> [DESCRIPTION OF THE TASK]: Set down exactly the lines from the one containing "[diagram v8b: part" through the last line of the data below, and no others.
:::
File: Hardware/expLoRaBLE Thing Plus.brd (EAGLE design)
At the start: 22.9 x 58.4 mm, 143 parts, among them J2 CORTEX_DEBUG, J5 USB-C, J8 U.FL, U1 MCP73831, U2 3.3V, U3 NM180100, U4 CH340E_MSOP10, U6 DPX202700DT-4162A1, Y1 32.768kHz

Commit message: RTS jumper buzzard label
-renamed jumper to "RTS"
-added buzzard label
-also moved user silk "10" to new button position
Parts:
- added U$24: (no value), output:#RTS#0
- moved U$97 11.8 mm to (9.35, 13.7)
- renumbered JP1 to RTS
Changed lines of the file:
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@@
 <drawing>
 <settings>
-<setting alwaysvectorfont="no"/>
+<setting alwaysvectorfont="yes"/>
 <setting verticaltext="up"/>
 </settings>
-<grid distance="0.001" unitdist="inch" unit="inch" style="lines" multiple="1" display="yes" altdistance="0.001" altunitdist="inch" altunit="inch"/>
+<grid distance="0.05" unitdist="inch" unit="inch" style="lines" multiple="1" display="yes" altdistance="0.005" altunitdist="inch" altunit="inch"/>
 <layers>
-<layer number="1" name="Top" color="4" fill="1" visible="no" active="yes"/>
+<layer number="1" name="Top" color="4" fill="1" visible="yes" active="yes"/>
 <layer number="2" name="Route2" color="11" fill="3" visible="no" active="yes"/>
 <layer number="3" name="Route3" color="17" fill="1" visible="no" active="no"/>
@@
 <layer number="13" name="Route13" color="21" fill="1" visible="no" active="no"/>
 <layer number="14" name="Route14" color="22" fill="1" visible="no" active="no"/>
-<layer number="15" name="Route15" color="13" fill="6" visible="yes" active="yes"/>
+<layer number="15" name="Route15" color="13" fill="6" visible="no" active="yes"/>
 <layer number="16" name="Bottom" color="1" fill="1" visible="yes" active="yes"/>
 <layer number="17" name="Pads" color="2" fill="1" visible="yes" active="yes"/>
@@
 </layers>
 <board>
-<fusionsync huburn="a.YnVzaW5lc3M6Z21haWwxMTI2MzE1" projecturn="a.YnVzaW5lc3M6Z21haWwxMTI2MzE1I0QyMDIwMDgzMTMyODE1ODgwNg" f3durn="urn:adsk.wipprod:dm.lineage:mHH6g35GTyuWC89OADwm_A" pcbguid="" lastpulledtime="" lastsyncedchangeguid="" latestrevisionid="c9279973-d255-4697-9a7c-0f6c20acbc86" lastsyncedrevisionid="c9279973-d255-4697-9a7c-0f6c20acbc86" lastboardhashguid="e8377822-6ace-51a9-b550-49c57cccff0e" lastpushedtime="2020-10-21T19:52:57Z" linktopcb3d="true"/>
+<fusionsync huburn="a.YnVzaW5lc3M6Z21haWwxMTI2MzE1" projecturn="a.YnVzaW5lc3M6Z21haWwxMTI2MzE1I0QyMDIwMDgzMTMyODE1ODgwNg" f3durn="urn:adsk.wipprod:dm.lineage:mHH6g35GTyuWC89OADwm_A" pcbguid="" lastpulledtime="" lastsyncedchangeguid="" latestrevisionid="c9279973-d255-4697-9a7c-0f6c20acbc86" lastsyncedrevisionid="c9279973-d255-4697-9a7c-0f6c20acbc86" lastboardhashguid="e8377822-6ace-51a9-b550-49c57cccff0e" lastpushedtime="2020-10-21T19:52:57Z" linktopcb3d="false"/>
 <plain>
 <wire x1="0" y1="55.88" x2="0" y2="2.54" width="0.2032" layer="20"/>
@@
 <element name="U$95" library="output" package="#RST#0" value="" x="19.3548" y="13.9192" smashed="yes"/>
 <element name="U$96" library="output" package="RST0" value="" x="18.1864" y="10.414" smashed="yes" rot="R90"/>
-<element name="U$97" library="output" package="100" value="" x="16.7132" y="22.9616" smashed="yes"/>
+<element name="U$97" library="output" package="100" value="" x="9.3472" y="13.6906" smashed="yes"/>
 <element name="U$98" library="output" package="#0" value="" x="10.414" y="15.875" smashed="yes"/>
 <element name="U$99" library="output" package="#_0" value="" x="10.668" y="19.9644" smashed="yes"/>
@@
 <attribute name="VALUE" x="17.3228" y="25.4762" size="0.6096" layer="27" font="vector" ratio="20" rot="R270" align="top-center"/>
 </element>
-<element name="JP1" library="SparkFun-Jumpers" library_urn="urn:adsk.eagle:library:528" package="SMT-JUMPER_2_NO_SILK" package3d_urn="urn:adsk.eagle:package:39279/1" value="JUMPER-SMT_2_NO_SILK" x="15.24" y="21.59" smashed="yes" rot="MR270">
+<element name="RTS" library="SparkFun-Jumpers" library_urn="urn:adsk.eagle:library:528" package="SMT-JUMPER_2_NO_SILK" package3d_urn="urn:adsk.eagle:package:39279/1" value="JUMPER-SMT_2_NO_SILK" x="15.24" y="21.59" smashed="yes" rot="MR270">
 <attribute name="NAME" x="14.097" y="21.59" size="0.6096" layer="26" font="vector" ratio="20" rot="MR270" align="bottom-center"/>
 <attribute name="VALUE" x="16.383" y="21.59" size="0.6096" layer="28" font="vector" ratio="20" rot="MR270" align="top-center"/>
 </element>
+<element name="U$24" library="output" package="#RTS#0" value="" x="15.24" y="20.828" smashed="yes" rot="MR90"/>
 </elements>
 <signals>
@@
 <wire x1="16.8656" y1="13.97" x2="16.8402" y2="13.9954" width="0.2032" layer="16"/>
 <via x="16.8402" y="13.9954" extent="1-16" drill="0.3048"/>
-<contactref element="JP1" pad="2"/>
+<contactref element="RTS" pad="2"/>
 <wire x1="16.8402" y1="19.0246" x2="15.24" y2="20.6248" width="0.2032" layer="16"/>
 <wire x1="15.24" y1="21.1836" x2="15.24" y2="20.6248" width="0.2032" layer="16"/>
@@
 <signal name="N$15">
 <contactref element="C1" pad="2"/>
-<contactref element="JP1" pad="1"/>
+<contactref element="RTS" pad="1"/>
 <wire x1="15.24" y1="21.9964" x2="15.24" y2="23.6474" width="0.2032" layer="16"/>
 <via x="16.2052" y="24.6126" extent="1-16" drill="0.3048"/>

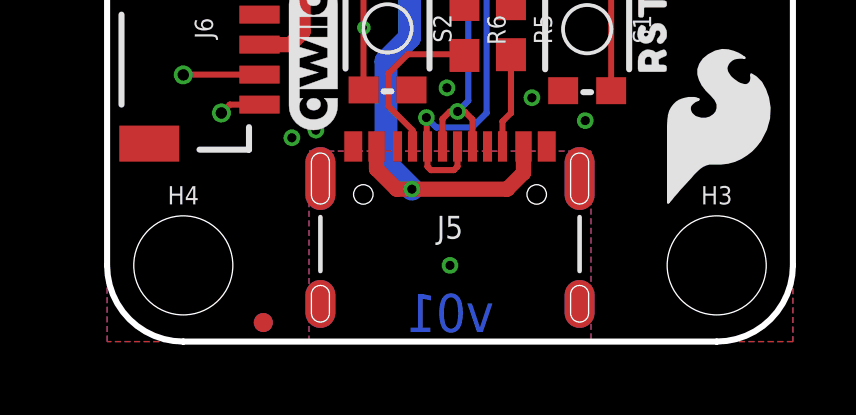
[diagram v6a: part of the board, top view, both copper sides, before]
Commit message: Fixed short from 3.3V to GND caused by USB connector mill holes
Adjusted inner layer polygons to not pour under the USB connector. Previously these were shorting all planes together, causing a short between 3.3V NET and GND NET.
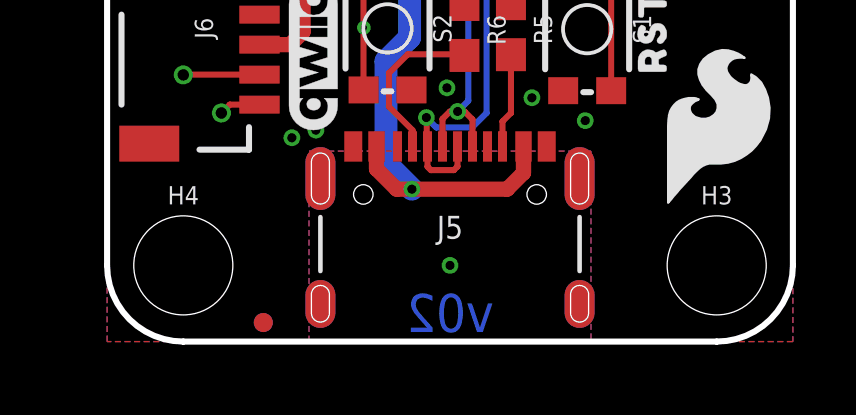
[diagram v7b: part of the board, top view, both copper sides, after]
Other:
- board text added: "v02"
- board text removed: "v01"
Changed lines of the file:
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@@
 <drawing>
 <settings>
-<setting alwaysvectorfont="yes"/>
+<setting alwaysvectorfont="no"/>
 <setting verticaltext="up"/>
 </settings>
@@
 <layers>
 <layer number="1" name="Top" color="4" fill="1" visible="yes" active="yes"/>
-<layer number="2" name="Route2" color="11" fill="3" visible="no" active="yes"/>
+<layer number="2" name="Route2" color="11" fill="3" visible="yes" active="yes"/>
 <layer number="3" name="Route3" color="17" fill="1" visible="no" active="no"/>
 <layer number="4" name="Route4" color="18" fill="1" visible="no" active="no"/>
@@
 <layer number="13" name="Route13" color="21" fill="1" visible="no" active="no"/>
 <layer number="14" name="Route14" color="22" fill="1" visible="no" active="no"/>
-<layer number="15" name="Route15" color="13" fill="6" visible="no" active="yes"/>
+<layer number="15" name="Route15" color="13" fill="6" visible="yes" active="yes"/>
 <layer number="16" name="Bottom" color="1" fill="1" visible="yes" active="yes"/>
 <layer number="17" name="Pads" color="2" fill="1" visible="yes" active="yes"/>
@@
 <dimension x1="0" y1="2.54" x2="22.86" y2="2.54" x3="11.43" y3="-8.89" textsize="1.27" layer="47" unit="inch" visible="yes"/>
 <dimension x1="2.54" y1="0" x2="2.54" y2="58.42" x3="-8.89" y3="29.21" textsize="1.27" layer="47" unit="inch"/>
-<text x="11.43" y="0.3175" size="1.27" layer="16" font="vector" ratio="15" rot="MR0" align="bottom-center">v01</text>
+<text x="11.43" y="0.3175" size="1.27" layer="16" font="vector" ratio="15" rot="MR0" align="bottom-center">v02</text>
 <text x="-30.48" y="-39.37" size="5.08" layer="51" font="vector">4-LAYER BOARD</text>
 <text x="0.635" y="17.78" size="0.8128" layer="1" font="vector" ratio="25">1</text>
@@
 <vertex x="22.86" y="58.42"/>
 <vertex x="22.86" y="0"/>
+<vertex x="16.891" y="0"/>
+<vertex x="16.891" y="6.985"/>
+<vertex x="6.096" y="6.985"/>
+<vertex x="6.096" y="0"/>
 <vertex x="0" y="0"/>
 </polygon>
@@
 <vertex x="22.86" y="44.45"/>
 <vertex x="22.86" y="0"/>
+<vertex x="16.891" y="0"/>
+<vertex x="16.891" y="6.985"/>
+<vertex x="6.096" y="6.985"/>
+<vertex x="6.096" y="0"/>
 </polygon>
 <wire x1="6.8834" y1="42.4716" x2="6.1981" y2="43.1569" width="0.1524" layer="1"/>

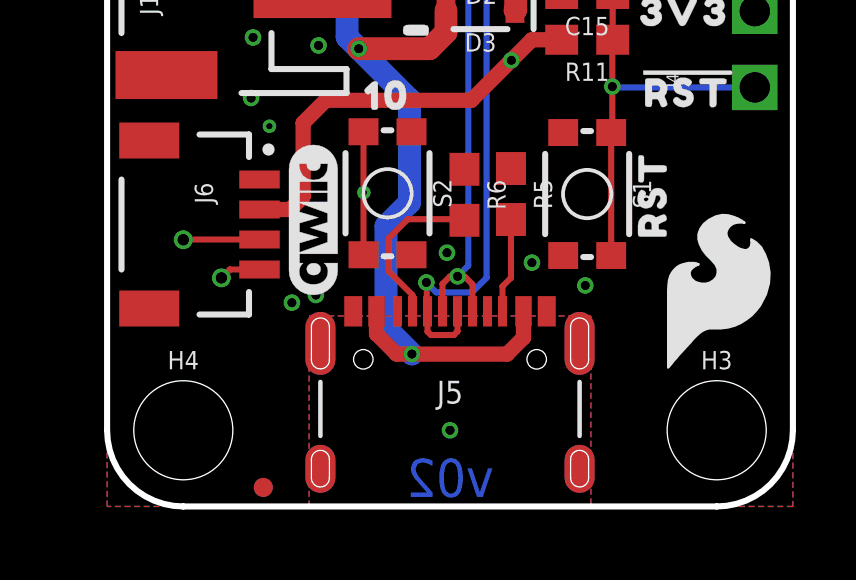
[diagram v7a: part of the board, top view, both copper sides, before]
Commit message: Updating to USB-C-16P-4-LAYER-ISOLATED
-This new footprint includes the isolation (aka cutout polygons). It is better to include these at the library lavel (rather than in the board, as it was previously).

-Note, had to re-route VBUS, because the update also included moving the pads south to match the datasheet. This update commit history to the connector library here: https://github.com/sparkfun/SparkFun-Eagle-Libraries/commit/385c00bb90b92dfd747075cffe71177065b70510#diff-c73d36e753812bf738f1d00b48f2ac4ee18b59eb919db6021d587bb22fbbb9cd
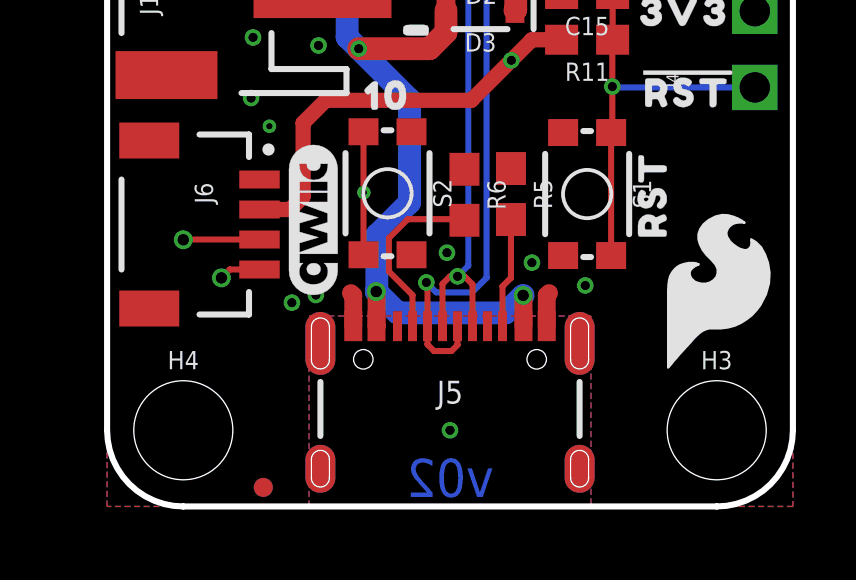
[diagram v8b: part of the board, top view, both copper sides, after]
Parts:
- J5: value USB-C -> USB Female Type C Connector; device SparkFun-Connectors:USB-C-16P -> SparkFun-Connectors:USB-C-16P-4LAYER-ISOLATED
- J6: value (none) -> QWIIC_RIGHT_ANGLE
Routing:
- net GND: track 0.98 -> 3.25 mm
- net V_USB: track 57.0 -> 55.3 mm, vias 5 -> 6
- net D+1: track 30.1 -> 31.1 mm
:::
> [RESULT OF THE EXERCISE]:
[diagram v8b: part of the board, top view, both copper sides, after]
Parts:
- J5: value USB-C -> USB Female Type C Connector; device SparkFun-Connectors:USB-C-16P -> SparkFun-Connectors:USB-C-16P-4LAYER-ISOLATED
- J6: value (none) -> QWIIC_RIGHT_ANGLE
Routing:
- net GND: track 0.98 -> 3.25 mm
- net V_USB: track 57.0 -> 55.3 mm, vias 5 -> 6
- net D+1: track 30.1 -> 31.1 mm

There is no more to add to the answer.